• **Assignment**
A bare number is all that is needed: how many lines below contain the string "continued"?

• **Material shown**
%%
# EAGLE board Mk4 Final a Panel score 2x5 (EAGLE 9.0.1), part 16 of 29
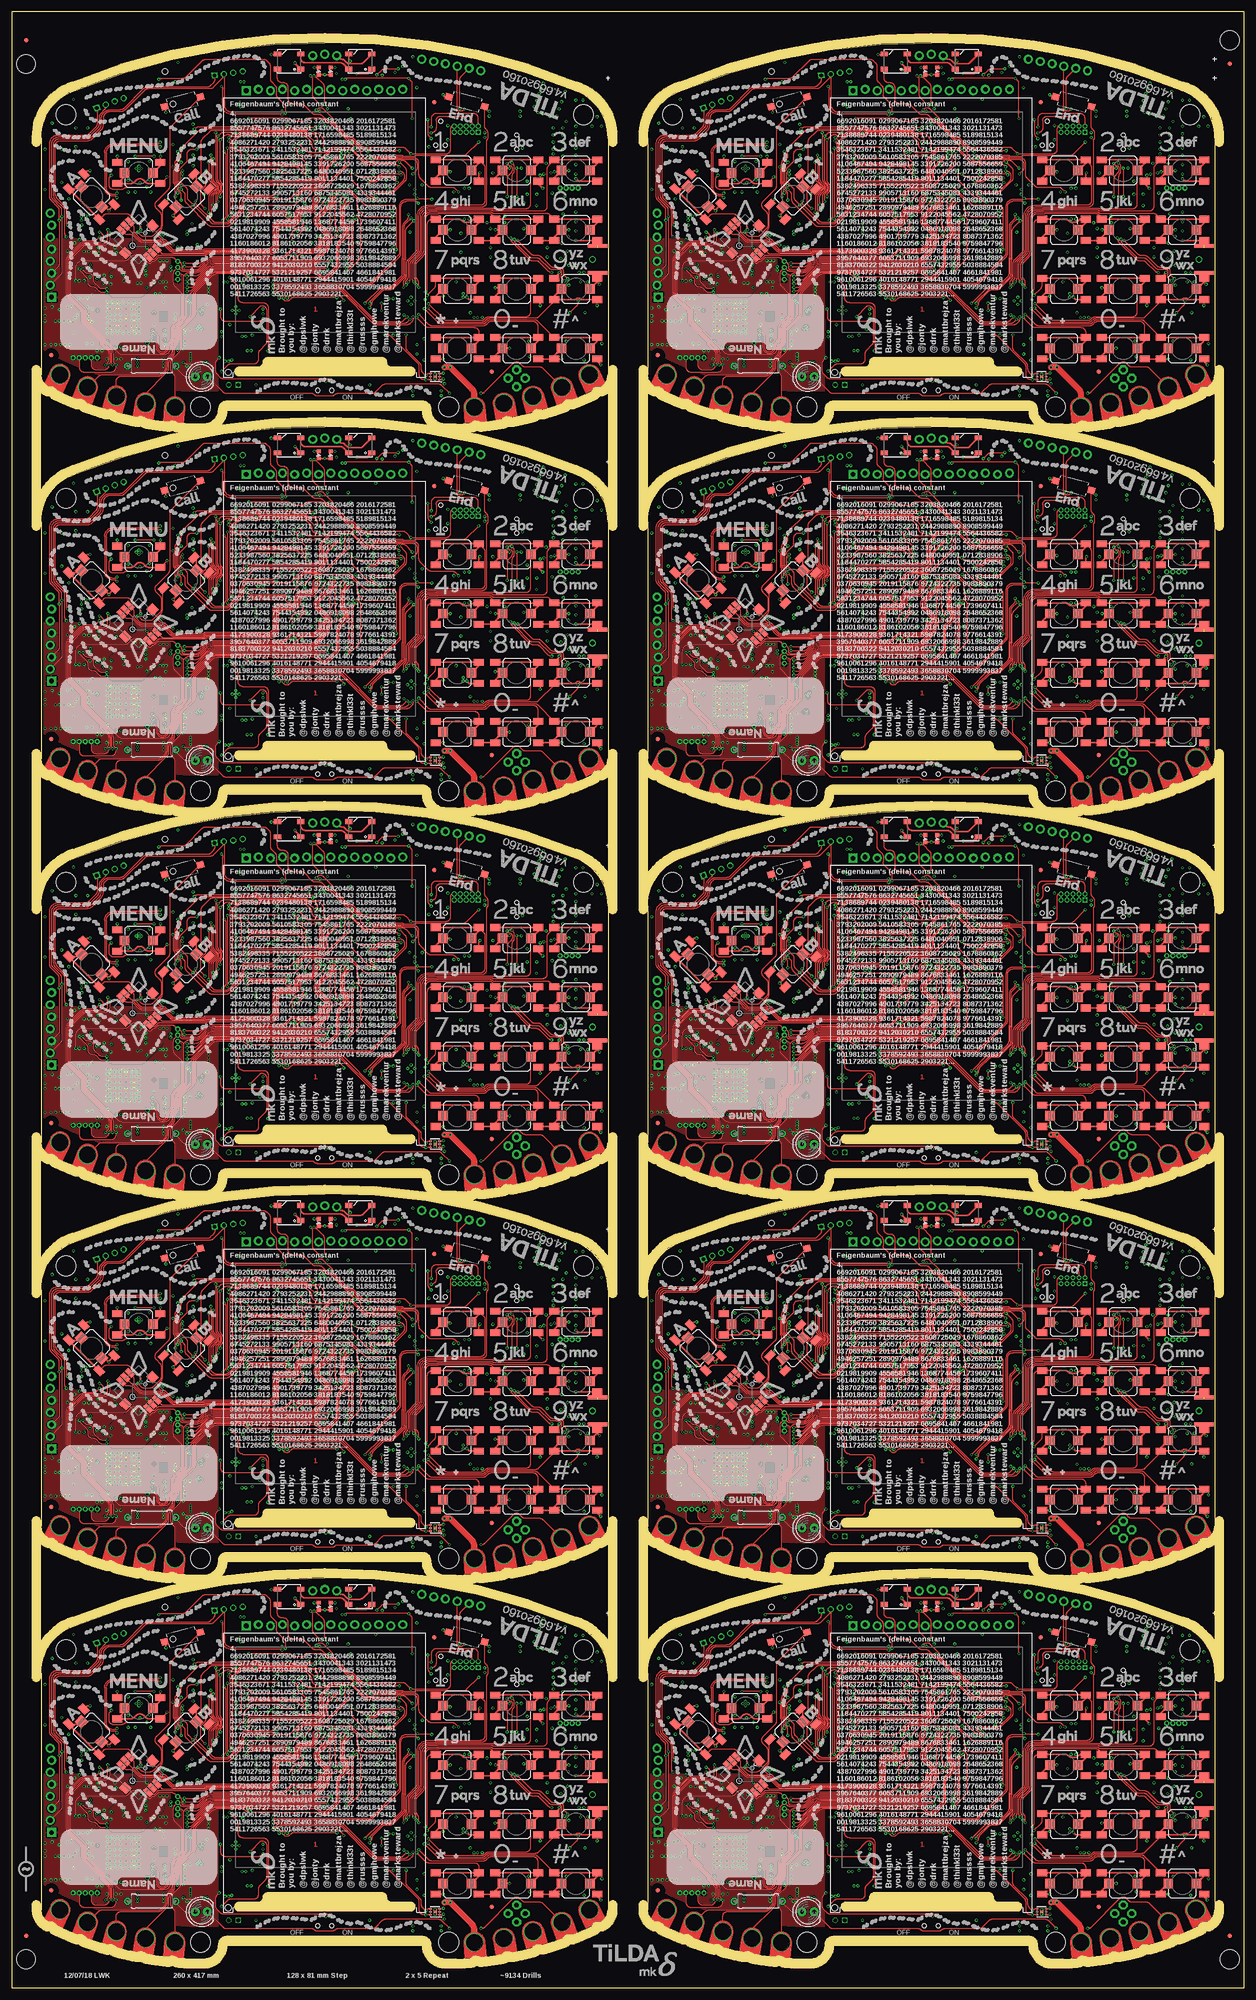
[diagram p0: board, top side]
## Tracks (layer width: path | path; a pad name or v marks a point on that pad's centre or on a via) (continued)
GND9  (via drill 0.3)  (1 unrouted) (continued)
  other vias: 191.25,368.25 200.75,368.25 184.9,371.15 154.8,384.4 154.25,383.95 244.7,378.1 244.35,374.35 244,398 243.5,396.5 243,395 241.5,395 240,395.5 239,395.75 238.25,397 238.75,398.25 239.25,399.75 149.7,353.1 149.7,351.9 149.7,350.7 150.9,350.7 152.1,350.7 153.3,350.7 153.3,351.9 153.3,353.1 152.1,354.3 145,357.25 145,354.35 141,349.2 140.25,346.75 139.25,346.75 138.25,346.75 137.25,346.75 140,351.75 139,351.75 138,351.75 137.2,351.75 213,356 212.25,356.75 212.25,355.25 223.25,357.5 223.25,356.75 248,360 247,370.75 247,372.65 247,374.75 247,376.75 247,382.75 247,384.75 247,386.75 247,391.25 247,392.85 250.4,392.85 252.4,392.85 175.25,354 176,354 175.25,354.75 175.25,353.25 174.5,354 157.3,378.95 152.55,378.95 152.55,381.45 157.05,381.55 157.05,385.45 165.7,344.85 165.7,344.35 165.7,343.35 165.7,343.85 164.9,342.25 165.6,342.25 164.6,349.95 164.5,348.95 164.5,346.75 164.5,347.55 148.75,353.1 148.75,351.9 148.75,350.7 148.75,354.3 154.25,353.1 154.25,351.9 154.25,350.7 154.25,354.3 149.7,349.75 150.9,349.75 152.1,349.75 153.3,349.75 149.7,355.25 150.9,355.25 152.1,355.25 153.3,355.25 154.25,349.75 154.25,355.25 148.75,355.25 148.75,349.75 152.7,355.85 149.2,355.85 148.15,355.85 148.15,354.8 151.5,349.15 152.7,349.15 153.9,349.15 150.3,349.15 149.2,349.15 154.85,352.45 154.85,351.25 154.85,350.05 154.85,353.65 148.15,352.5 148.15,351.3 148.15,350.2 148.15,353.7 154.85,354.75 154.85,355.85 154.85,349.15 148.15,349.15 248.7,362 247.7,362 249.5,360 244,368.2 138.5,388 138.5,381 141.5,388.5 141.5,392.5 144,392.5 141,398.5 136.5,393.5 135,388 135,379.5 140,377.5 141.25,368.25 135,354.5 232,365.25 229,365.25 229,367.25 229,371.25 236,371.25 238.7,376.1 236,376.75 242,378.75 245.5,363.5 245.25,366.5 247,388.25 247,389.75 245,393.85 247,398.35 251.5,394.85 248.5,398.35 243.85,364.95 247,363.5 140.6,354.95 141.35,352.45 141.85,352.95 144,354.7 143,356.7 144,356.7 142.1,356.6 244.25,392.5 242.25,392.5 244.25,391 242.25,391 244.25,389.5 242.25,389.5 244.25,388 242.25,388 244.25,386.5 242.25,387 240.75,385 240.25,382.75 239.5,382.5 241.75,383 242.5,383.25 244,385 139.75,366.5 138,354.15 135,352.85 232,376.25 232,372.5 232,373.9
  pour GND@3 (isolate 0.254, rank 6): 134.2,392.5 134.2,339 arc31 166,330 168.7,330 arc90 171.5,332.8 arc-90 173.5,334.8 214.5,334.8 arc-90 216.5,332.8 arc90 219.3,330 222,330 arc31 253.8,339 253.8,362.5 247.5,362.5 247.5,392.5 253.8,392.5 arc64 247.25,400.25 arc24 194,410.5 arc24 140.75,400.25 arc55
  pour Bottom (rank 6): 201.25,366.9 201.25,368.25 201,368.5 191,368.5 190.75,368.25 190.75,366.9
  pour Bottom (isolate 0.254, rank 6): 134.2,392.5 134.2,346 arc9 145,341 145,353 147,353 147,359 145,359 145,361 arc90 144,362 143,362 arc-90 142,363 142,383.71 arc-90 154.79,396.5 162.5,396.5 166,400 224.5,399.5 arc-90 227,397 227,362.5 238.09,362.5 arc-45 238.79,362.21 241.21,359.79 arc45 241.91,359.5 253.8,359.5 253.8,362.5 247.5,362.5 247.5,392.5 253.8,392.5 arc64 247.25,400.25 arc24 194,410.5 arc24 140.75,400.25 arc55
  pour Bottom (rank 2, no thermals): 235.5,363 237,363 237,360.5 236.41,360.5 arc45 235.71,360.21 235.29,359.79 arc45 235,359.09 235,357 arc-90 234,356 223.5,356 arc-90 222.5,357 arc-90 223.5,358 231.75,358 arc90 232.75,359 232.75,359.09 arc-45 233.04,359.79 233.71,360.46 arc-45 234.41,360.75 234.59,360.75 arc45 235.29,361.04 235.5,361.25
  pour Bottom (no thermals): 185.5,369.5 185.5,368.2 185.3,368 185.2,368 185,368.2 185,369.25 184.5,369.75 184.5,371.3 184.7,371.5 185.05,371.5 185.25,371.3 185.25,369.75
  pour Bottom: 157.55,378.95 157.55,384.95 arc90 156.55,385.95 153.05,385.95 arc90 152.05,384.95 152.05,378.95 arc90 153.05,377.95 156.55,377.95 arc90
  pour Bottom (no thermals): 171.4,357 171.4,358.1 171.2,358.3 171.2,359.05 171,359.25 169.75,359.25 169.25,358.75 169.25,357.25 169.5,357
  pour Bottom (no thermals): 165.9,344.8 165.9,342.3 arc-90 165.4,341.8 164.45,341.8 arc-90 163.95,342.3 163.95,349.65 arc-90 164.45,350.15 165.55,350.15 arc-90 166.05,349.65 166.05,346.1 arc90 166.55,345.6 167.8,345.6 167.85,345.55 167.85,344.9 167.75,344.8
  pour Top (rank 6): 134.2,369 134.2,346 arc34 171,337 171.5,337 171.5,369
GSM_ANT
  Bottom 0.4: L3.1 C72.2 117.26,43.6 arc45 116.56,43.31 115.59,42.34 arc-45 114.89,42.05 IC5.32
GSM_ANT1
  Bottom 0.4: L13.1 C173.2 245.26,43.6 arc45 244.56,43.31 243.59,42.34 arc-45 242.89,42.05 IC21.32
GSM_ANT2
  Bottom 0.4: L22.1 C281.2 117.26,124.6 arc45 116.56,124.31 115.59,123.34 arc-45 114.89,123.05 IC39.32
GSM_ANT3
  Bottom 0.4: L31.1 C389.2 245.26,124.6 arc45 244.56,124.31 243.59,123.34 arc-45 242.89,123.05 IC57.32
GSM_ANT4
  Bottom 0.4: L40.1 C497.2 117.26,205.6 arc45 116.56,205.31 115.59,204.34 arc-45 114.89,204.05 IC75.32
GSM_ANT5
  Bottom 0.4: L49.1 C605.2 245.26,205.6 arc45 244.56,205.31 243.59,204.34 arc-45 242.89,204.05 IC93.32
GSM_ANT6
  Bottom 0.4: L58.1 C713.2 117.26,286.6 arc45 116.56,286.31 115.59,285.34 arc-45 114.89,285.05 IC111.32
GSM_ANT7
  Bottom 0.4: L67.1 C821.2 245.26,286.6 arc45 244.56,286.31 243.59,285.34 arc-45 242.89,285.05 IC129.32
GSM_ANT8
  Bottom 0.4: L76.1 C929.2 117.26,367.6 arc45 116.56,367.31 115.59,366.34 arc-45 114.89,366.05 IC147.32
GSM_ANT9
  Bottom 0.4: L85.1 C1037.2 245.26,367.6 arc45 244.56,367.31 243.59,366.34 arc-45 242.89,366.05 IC165.32
HDC_INT  (via drill 0.3)
  Top 0.15: v84.6,58.8 85.21,59.41 arc45 85.5,60.11 85.5,60.9 arc90 84.5,61.9 82.45,61.9 arc-45 82.31,61.96 82.2,62.07 arc45 82.06,62.12 81.54,62.12 arc45 81.4,62.07 81.29,61.96 arc-45 81.15,61.9 76.75,61.9 arc45 76.4,61.75 76.26,61.62 arc-45 75.91,61.48 75.44,61.48 arc-45 74.73,61.77 73.79,62.71 arc-45 73.5,63.41 73.5,63.53 arc45 73.21,64.23 72.31,65.13 arc45 71.96,65.28 arc-45 71.73,65.37 v71.6,65.5 | v75.5,30.6 arc-45 75.61,30.87 75.88,31.14 arc45 76.03,31.49 76.03,31.72 arc-45 76.17,32.07 78.11,34.01 arc-45 78.81,34.3 79.79,34.3 arc45 80.49,34.59 82.71,36.81 arc45 83,37.51 83,40.7 arc-45 83.03,40.77 83.1,40.83 arc45 83.12,40.9 83.12,46.81 arc-45 83.42,47.52 v84.8,48.9
  3V3@2 0.15: v84.8,48.9 84.8,51.2 83.1,52.9 83.1,58 84,58.9 84.5,58.9 v84.6,58.8
  Bottom 0.15: IC3.4 86.12,12 arc90 85.88,11.75 85.88,11.6 arc-90 85.62,11.35 84.8,11.35 arc-90 83.8,12.35 83.8,12.79 arc-45 84.09,13.49 84.34,13.74 arc-45 84.48,13.8 84.52,13.8 arc45 84.66,13.86 85.86,15.06 arc45 86.3,16.12 86.3,17.85 arc90 84.55,19.6 81.42,19.6 arc-45 80.53,19.97 75.57,24.93 arc-45 75.2,25.82 75.2,29.89 arc-45 v75.49,30.59 v75.5,30.6 | IC1.95 71.8,65.98 arc-45 v71.6,65.5
HDC_INT1  (via drill 0.3)
  Top 0.15: v212.6,58.8 213.21,59.41 arc45 213.5,60.11 213.5,60.9 arc90 212.5,61.9 210.45,61.9 arc-45 210.31,61.96 210.2,62.07 arc45 210.06,62.12 209.54,62.12 arc45 209.4,62.07 209.29,61.96 arc-45 209.15,61.9 204.75,61.9 arc45 204.4,61.75 204.26,61.62 arc-45 203.91,61.48 203.44,61.48 arc-45 202.73,61.77 201.79,62.71 arc-45 201.5,63.41 201.5,63.53 arc45 201.21,64.23 200.31,65.13 arc45 199.96,65.28 arc-45 199.73,65.37 v199.6,65.5 | v203.5,30.6 arc-45 203.61,30.87 203.88,31.14 arc45 204.03,31.49 204.03,31.72 arc-45 204.17,32.07 206.11,34.01 arc-45 206.81,34.3 207.79,34.3 arc45 208.49,34.59 210.71,36.81 arc45 211,37.51 211,40.7 arc-45 211.03,40.77 211.1,40.83 arc45 211.12,40.9 211.12,46.81 arc-45 211.42,47.52 v212.8,48.9
  3V3@2 0.15: v212.8,48.9 212.8,51.2 211.1,52.9 211.1,58 212,58.9 212.5,58.9 v212.6,58.8
  Bottom 0.15: IC35.4 214.12,12 arc90 213.88,11.75 213.88,11.6 arc-90 213.62,11.35 212.8,11.35 arc-90 211.8,12.35 211.8,12.79 arc-45 212.09,13.49 212.34,13.74 arc-45 212.48,13.8 212.52,13.8 arc45 212.66,13.86 213.86,15.06 arc45 214.3,16.12 214.3,17.85 arc90 212.55,19.6 209.42,19.6 arc-45 208.53,19.97 203.57,24.93 arc-45 203.2,25.82 203.2,29.89 arc-45 v203.49,30.59 v203.5,30.6 | IC20.95 199.8,65.98 arc-45 v199.6,65.5
HDC_INT2  (via drill 0.3)
  Top 0.15: v84.6,139.8 85.21,140.41 arc45 85.5,141.11 85.5,141.9 arc90 84.5,142.9 82.45,142.9 arc-45 82.31,142.96 82.2,143.07 arc45 82.06,143.12 81.54,143.12 arc45 81.4,143.07 81.29,142.96 arc-45 81.15,142.9 76.75,142.9 arc45 76.4,142.75 76.26,142.62 arc-45 75.91,142.47 75.44,142.47 arc-45 74.73,142.77 73.79,143.71 arc-45 73.5,144.41 73.5,144.53 arc45 73.21,145.24 72.31,146.13 arc45 71.96,146.28 arc-45 71.73,146.37 v71.6,146.5 | v75.5,111.6 arc-45 75.61,111.87 75.88,112.14 arc45 76.03,112.49 76.03,112.72 arc-45 76.17,113.07 78.11,115.01 arc-45 78.81,115.3 79.79,115.3 arc45 80.49,115.59 82.71,117.81 arc45 83,118.51 83,121.69 arc-45 83.03,121.77 83.1,121.83 arc45 83.12,121.9 83.12,127.81 arc-45 83.42,128.52 v84.8,129.9
  3V3@2 0.15: v84.8,129.9 84.8,132.2 83.1,133.9 83.1,139 84,139.9 84.5,139.9 v84.6,139.8
  Bottom 0.15: IC53.4 86.12,93 arc90 85.88,92.75 85.88,92.6 arc-90 85.62,92.35 84.8,92.35 arc-90 83.8,93.35 83.8,93.79 arc-45 84.09,94.49 84.34,94.74 arc-45 84.48,94.8 84.52,94.8 arc45 84.66,94.86 85.86,96.06 arc45 86.3,97.12 86.3,98.85 arc90 84.55,100.6 81.42,100.6 arc-45 80.53,100.97 75.57,105.93 arc-45 75.2,106.82 75.2,110.89 arc-45 v75.49,111.59 v75.5,111.6 | IC38.95 71.8,146.98 arc-45 v71.6,146.5
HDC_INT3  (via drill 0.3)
%%
• **Exercise result**
2